Scientists around the world held what they billed as the first annual Asteroid Day on Tuesday, giving lectures and hosting panel discussions promoting projects designed to detect threats from space before it’s too late.
The scientists who organized the events said humans must do a better job searching for asteroids because even a relatively small one — about the size of a house — could level a city and kill millions of people.
As it orbits the sun, the Earth encounters tons of tiny space rocks every day. Most burn up in the atmosphere, but larger objects occasionally make it to the surface or near it.
“What we’re trying to do with planetary defense is, at a minimum, we can evacuate people” from the potential impact area, Rusty Schweickart, an Apollo 9 astronaut who has pushed for better preparedness, said at an Asteroid Day event at the California Academy of Sciences in San Francisco.
Potentially civilization-ending asteroids — miles-wide ones that could scorch continents and blast dust into the sky, blotting out the sun for decades — hit only once every tens of millions of years, he said, noting the 7-mile-wide object whose impact is thought to have caused the extinction of the dinosaurs 66 million years ago, starving them beneath a pall of choking ash.
But what worries the former astronaut isn’t this type of giant, which space scientists have been successful in tracking, with many concluding they pose no imminent threat. Shweickart is more afraid of the smaller ones, like the object that injured 1,500 people in the Russian city of Chelyabinsk on Feb. 15, 2013.
That object, about the size of a two-story house, exploded in the atmosphere with the power of 30,000 Hiroshima bombs and lit up the dawn sky with a flare as intense as the sun. Most injuries were caused by flying debris and broken glass from windows.
There are 10 million such asteroids, he said, adding that we know the locations of only one-tenth of 1 percent of them.
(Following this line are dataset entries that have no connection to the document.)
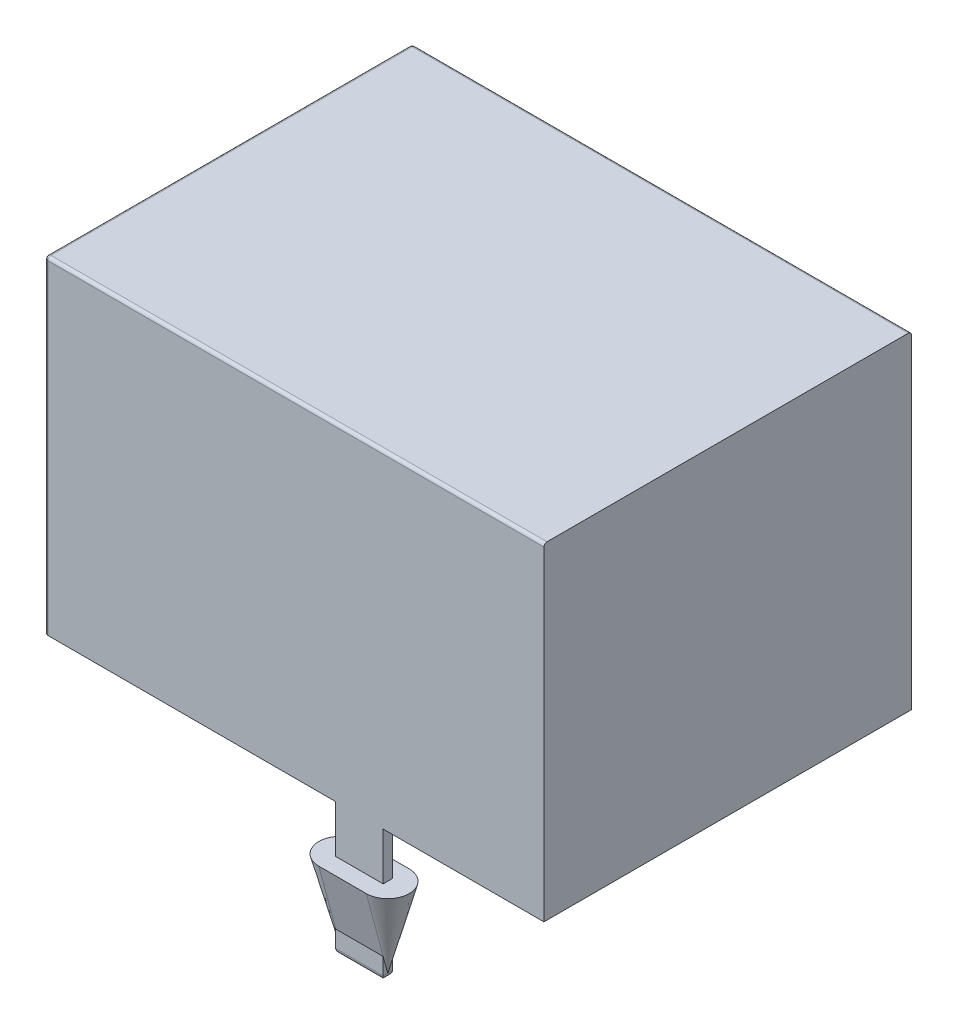
SolidWorks part; units mm, degrees
ref_plane "Plan de face" through (0, 0, 0) normal (0, 0, 1) x (1, 0, 0)
ref_plane "Plan de dessus" through (0, 0, 0) normal (0, 1, 0) x (1, 0, 0)
ref_plane "Plan de droite" through (0, 0, 0) normal (1, 0, 0) x (0, 0, -1)
sketch "Esquisse1" plane through (0, 0, 0) normal (0, 1, 0) x (1, 0, 0)
  line L1 (0, 0) -> (-16.3, 0)
  line L2 (0, 0) -> (0, 12)
  line L3 (0, 12) -> (-16.3, 12)
  line L4 (-16.3, 0) -> (-16.3, 12)
  dimension "D1" = 12
  dimension "D2" = 16.3
extrude "Boss.-Extru.1" add sketch "Esquisse1" along normal blind 10.7
sketch "Esquisse2" plane through (-16.3, 0, 0) normal (-1, 0, 0) x (0, 0, 1)
  line L0 (-8.6, 9.25) -> (-10.2, 7.65)
  line L1 (-10.2, 1.65) -> (-1.8, 1.65)
  line L2 (-10.2, 1.65) -> (-10.2, 7.65)
  line L3 (-8.6, 9.25) -> (-3.4, 9.25)
  line L4 (-1.8, 1.65) -> (-1.8, 7.65)
  line L5 (-3.4, 9.25) -> (-1.8, 7.65)
  line L6 (-6, 9.25) -> (-6, 1.65) construction
  line L7 (-6, 10.7) -> (-6, 0) construction
  line L8 (-12, 10.7) -> (0, 10.7) construction
  line L9 (-12, 0) -> (0, 0) construction
  dimension "D2" = 5.2
  dimension "D3" = 45
  dimension "D4" = 45
  dimension "D5" = 8.4
  dimension "D6" = 7.6
  dimension "D7" = 1.45
extrude "Enlèv. mat.-Extru.1" cut sketch "Esquisse2" against normal blind 9
sketch "Esquisse4" plane through (-7.3, 0, 0) normal (-1, 0, 0) x (0, 0, 1)
  line L0 (-6, 6.95) -> (-6, 3.85) construction
  line L1 (-8.8, 6.95) -> (-3.2, 6.95)
  line L2 (-8.8, 6.95) -> (-8.8, 3.85)
  line L3 (-8.8, 3.85) -> (-3.2, 3.85)
  line L4 (-3.2, 6.95) -> (-3.2, 3.85)
  line L5 (-6, 9.25) -> (-6, 1.65) construction
  line L6 (-3.4, 9.25) -> (-8.6, 9.25) construction
  line L7 (-10.2, 1.65) -> (-1.8, 1.65) construction
  dimension "D1" = 5.6
  dimension "D2" = 3.1
  dimension "D3" = 2.2
extrude "Boss.-Extru.2" add sketch "Esquisse4" along normal blind 8.8
chamfer "Chanfrein1" distance 0.2 angle 45 14 edges at (-11.7, 3.85, -8.8) (-16.1, 3.85, -6) (-11.7, 3.85, -3.2) (-11.7, 6.95, -3.2) (-16.1, 5.4, -3.2) (-16.1, 5.4, -8.8) (-11.7, 6.95, -8.8) (-16.1, 6.95, -6) (-16.3, 1.65, -6) (-16.3, 4.65, -1.8) (-16.3, 8.45, -2.6) (-16.3, 9.25, -6) (-16.3, 8.45, -9.4) (-16.3, 4.65, -10.2)
fillet "Congé1" radius 0.1 6 edges at (-16.3, 0, -6) (-16.3, 5.35, -12) (-8.15, 10.7, -12) (-16.3, 5.35, 0) (-16.3, 10.7, -6) (-8.15, 10.7, 0)
sketch "Esquisse5" plane through (0, 0, 0) normal (0, -1, 0) x (1, 0, 0)
  line L0 (-16.2, 0) -> (0, 0) construction
  line L1 (-6.8, 0) -> (-5.25, 0)
  line L2 (-6.8, 0) -> (-6.8, -0.3)
  line L3 (-6.8, -0.3) -> (-5.25, -0.3)
  line L4 (-5.25, 0) -> (-5.25, -0.3)
  line L5 (0, -6) -> (-16.2, -6) construction
  line L6 (0, 0) -> (0, -12) construction
  line L7 (-16.2, 0) -> (-16.2, -12) construction
  line L8 (-5.25, -12) -> (-5.25, -11.7)
  line L9 (-6.8, -11.7) -> (-5.25, -11.7)
  line L10 (-6.8, -12) -> (-6.8, -11.7)
  line L11 (-6.8, -12) -> (-5.25, -12)
  dimension "D1" = 0.3
  dimension "D2" = 1.55
  dimension "D3" = 9.4
extrude "Boss.-Extru.3" add sketch "Esquisse5" along normal blind 4.3
ref_plane "Plan1" through (0, -1.55, 0) normal (0, 1, 0) x (1, 0, 0)
sketch "Esquisse6" plane through (0, -1.55, 0) normal (0, 1, 0) x (1, 0, 0)
  line L0 (-6.8, 0.15) -> (-5.25, 0.15) construction
  line L1 (-6.8, 0) -> (-6.8, 0.3) construction
  line L2 (-5.25, 0.3) -> (-5.25, 0) construction
  line L3 (-6.8, 0.85) -> (-5.25, 0.85)
  line L4 (-6.8, -0.55) -> (-5.25, -0.55)
  line L5 (-6.8, 11.85) -> (-5.25, 11.85) construction
  line L6 (-6.8, 11.7) -> (-6.8, 12) construction
  line L7 (-5.25, 12) -> (-5.25, 11.7) construction
  line L8 (-6.8, 12.55) -> (-5.25, 12.55)
  line L9 (-6.8, 11.15) -> (-5.25, 11.15)
  arc A0 (-6.8, 0.85) -> (-6.8, -0.55) centre (-6.8, 0.15) ccw
  arc A1 (-5.25, -0.55) -> (-5.25, 0.85) centre (-5.25, 0.15) ccw
  arc A2 (-6.8, 12.55) -> (-6.8, 11.15) centre (-6.8, 11.85) ccw
  arc A3 (-5.25, 11.15) -> (-5.25, 12.55) centre (-5.25, 11.85) ccw
  point P6 (-6.025, 0.15)
  point P17 (-6.025, 11.85)
  dimension "D1" = 0.7
  dimension "D2" = 0.7
extrude "Boss.-Extru.4" add sketch "Esquisse6" against normal blind 2.6 draft 15
fillet "Congé3" radius 0.15 8 edges at (-6.8, -4.3, -11.85) (-6.025, -4.3, -11.7) (-5.25, -4.3, -11.85) (-6.025, -4.3, -12) (-6.025, -4.3, 0) (-5.25, -4.3, -0.15) (-6.025, -4.3, -0.3) (-6.8, -4.3, -0.15)
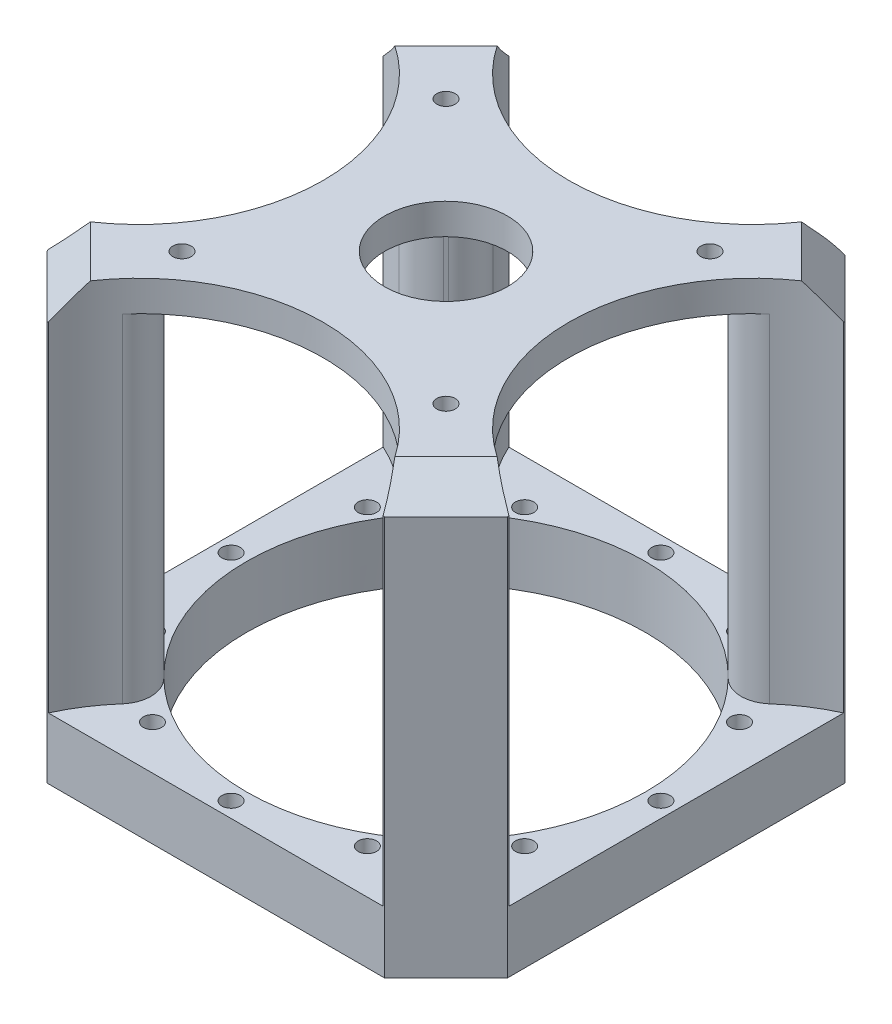
SolidWorks part; units mm, degrees
ref_plane "Front Plane" through (0, 0, 0) normal (0, 0, 1) x (1, 0, 0)
ref_plane "Top Plane" through (0, 0, 0) normal (0, 1, 0) x (1, 0, 0)
ref_plane "Right Plane" through (0, 0, 0) normal (1, 0, 0) x (0, 0, -1)
sketch "Sketch1" plane through (0, 0, 0) normal (0, 1, 0) x (1, 0, 0)
  line L1 (-37.5, -37.5) -> (37.5, -37.5)
  line L2 (-37.5, -37.5) -> (-37.5, 37.5)
  line L3 (-37.5, 37.5) -> (37.5, 37.5)
  line L4 (37.5, -37.5) -> (37.5, 37.5)
  line L5 (-37.5, -37.5) -> (37.5, 37.5) construction
  line L6 (-37.5, 37.5) -> (37.5, -37.5) construction
  circle A0 centre (0, 0) radius 37.5 construction
  circle A1 centre (0, 0) radius 32.5
  circle A2 centre (0, 0) radius 35 construction
  circle A3 centre (0, 35) radius 1.5
  circle A4 centre (17.5, 30.3109) radius 1.5
  circle A5 centre (30.3109, 17.5) radius 1.5
  circle A6 centre (35, 0) radius 1.5
  circle A7 centre (30.3109, -17.5) radius 1.5
  circle A8 centre (17.5, -30.3109) radius 1.5
  circle A9 centre (0, -35) radius 1.5
  circle A10 centre (-17.5, -30.3109) radius 1.5
  circle A11 centre (-30.3109, -17.5) radius 1.5
  circle A12 centre (-35, 0) radius 1.5
  circle A13 centre (-30.3109, 17.5) radius 1.5
  circle A14 centre (-17.5, 30.3109) radius 1.5
  point P35 (0, 0)
  dimension "D1" = 75
  dimension "D2" = 65
  dimension "D3" = 70
  dimension "D4" = 3
  dimension "D5" = 12
extrude "Boss-Extrude1" add sketch "Sketch1" along normal blind 65
sketch "Sketch2" plane through (0, 65, 0) normal (0, 1, 0) x (1, 0, 0)
  line L1 (-37.5, -37.5) -> (37.5, -37.5)
  line L2 (-37.5, -37.5) -> (-37.5, 37.5)
  line L3 (-37.5, 37.5) -> (37.5, 37.5)
  line L4 (37.5, -37.5) -> (37.5, 37.5)
  line L5 (-37.5, -37.5) -> (37.5, 37.5) construction
  line L6 (-37.5, 37.5) -> (37.5, -37.5) construction
  line L7 (-21.5, -21.5) -> (21.5, -21.5) construction
  line L8 (-21.5, -21.5) -> (-21.5, 21.5) construction
  line L9 (-21.5, 21.5) -> (21.5, 21.5) construction
  line L10 (21.5, -21.5) -> (21.5, 21.5) construction
  line L11 (-21.5, -21.5) -> (21.5, 21.5) construction
  line L12 (-21.5, 21.5) -> (21.5, -21.5) construction
  circle A0 centre (0, 0) radius 35 construction
  circle A1 centre (0, 35) radius 1.5
  circle A2 centre (17.5, 30.3109) radius 1.5
  circle A3 centre (30.3109, 17.5) radius 1.5
  circle A4 centre (35, 0) radius 1.5
  circle A5 centre (30.3109, -17.5) radius 1.5
  circle A6 centre (17.5, -30.3109) radius 1.5
  circle A7 centre (0, -35) radius 1.5
  circle A8 centre (-17.5, -30.3109) radius 1.5
  circle A9 centre (-30.3109, -17.5) radius 1.5
  circle A10 centre (-35, 0) radius 1.5
  circle A11 centre (-30.3109, 17.5) radius 1.5
  circle A12 centre (-17.5, 30.3109) radius 1.5
  circle A13 centre (0, 0) radius 10
  circle A14 centre (-21.5, 21.5) radius 1.5
  circle A15 centre (21.5, 21.5) radius 1.5
  circle A16 centre (21.5, -21.5) radius 1.5
  circle A17 centre (-21.5, -21.5) radius 1.5
  point P0 (0, 0)
  point P37 (0, 0)
  dimension "D1" = 70
  dimension "D3" = 20
  dimension "D4" = 43
  dimension "D2" = 12
extrude "Boss-Extrude2" add sketch "Sketch2" along normal blind 5
sketch "Sketch3" plane through (0, 70, 0) normal (0, 1, 0) x (1, 0, 0)
  line L0 (0, 0) -> (0, 50) construction
  circle A0 centre (0, 50) radius 30
  dimension "D2" = 60
  dimension "D1" = 50
extrude "Cut-Extrude1" cut sketch "Sketch3" against normal blind 60
pattern_circular "CirPattern1" count 4 over 360 about axis through (0, 65, 0) along (0, -1, 0) of "Cut-Extrude1" reverse direction yes
fillet "Fillet2" radius 5.1 9 edges at (26.5625, 37.5, 18.7265) (26.5625, 37.5, -18.7265) (-18.7265, 37.5, 26.5625) (18.7265, 37.5, 26.5625) (27.2718, 40, -37.5) (-26.5625, 37.5, -18.7265) (-26.5625, 37.5, 18.7265) (-18.7265, 37.5, -26.5625) (18.7265, 37.5, -26.5625)
chamfer "Chamfer1" distance 10 angle 45 4 edges at (37.5, 35, 37.5) (37.5, 35, -37.5) (-37.5, 35, -37.5) (-37.5, 35, 37.5)
chamfer "Chamfer2" distance 5 angle 45 4 edges at (-32.5, 70, 32.5) (32.5, 70, 32.5) (32.7775, 70, -32.2225) (-32.5, 70, -32.5)

Astronomers missed the Chelyabinsk object before its arrival.
“The odds are, if one of them hit, we wouldn’t have known about it,” he said, stressing that this is “not an academic exercise” because such objects strike relatively frequently — about once every 50 years.
More damaging are objects slightly bigger than the Chelyabinsk object, more like the rock that exploded in the air over the remote Tunguska region of Siberia on June 30, 1908, leveling hundreds of square miles of trees. Asteroid Day marks the anniversary of that sobering event.
Had that blast occurred over Moscow — less than an eyelash away in the scale of space — it would have completely destroyed the city.
What’s needed, activists and scientists say, is more satellites and telescopes scanning the stars for smaller objects that sometimes come hurtling at us from behind the glare of the sun.
One proposal is the Sentinel mission, which would send a craft to orbit the sun, not the Earth, and follow the orbit of Venus to track such objects. It would stay on the opposite side of the solar system from Earth so that its telescope could look away from the brightness of our home star.
Advocates for more research have signed the 100X Declaration, an online petition that urges governments to do a better job finding dangerous space objects. It calls for a massive increase in the effort, “a rapid hundredfold acceleration of the discovery and tracking of near-Earth asteroids to 100,000 per year within the next 10 years.”
The declaration, meant to raise awareness among political leaders and philanthropists, was issued in December 2014 and has gained the signatures of public figures such as Bill Nye and Richard Dawkins.
“Our surveillance of near-Earth objects is not good enough, so we are trying to ramp up the rate of detection by 100 times,” Brian May, an astrophysicist and a former guitarist for the rock band Queen, said in a statement.
“Signing the 100X Declaration is a way for the public to contribute to bringing about an awareness that we can protect humanity now and for future generations," he added.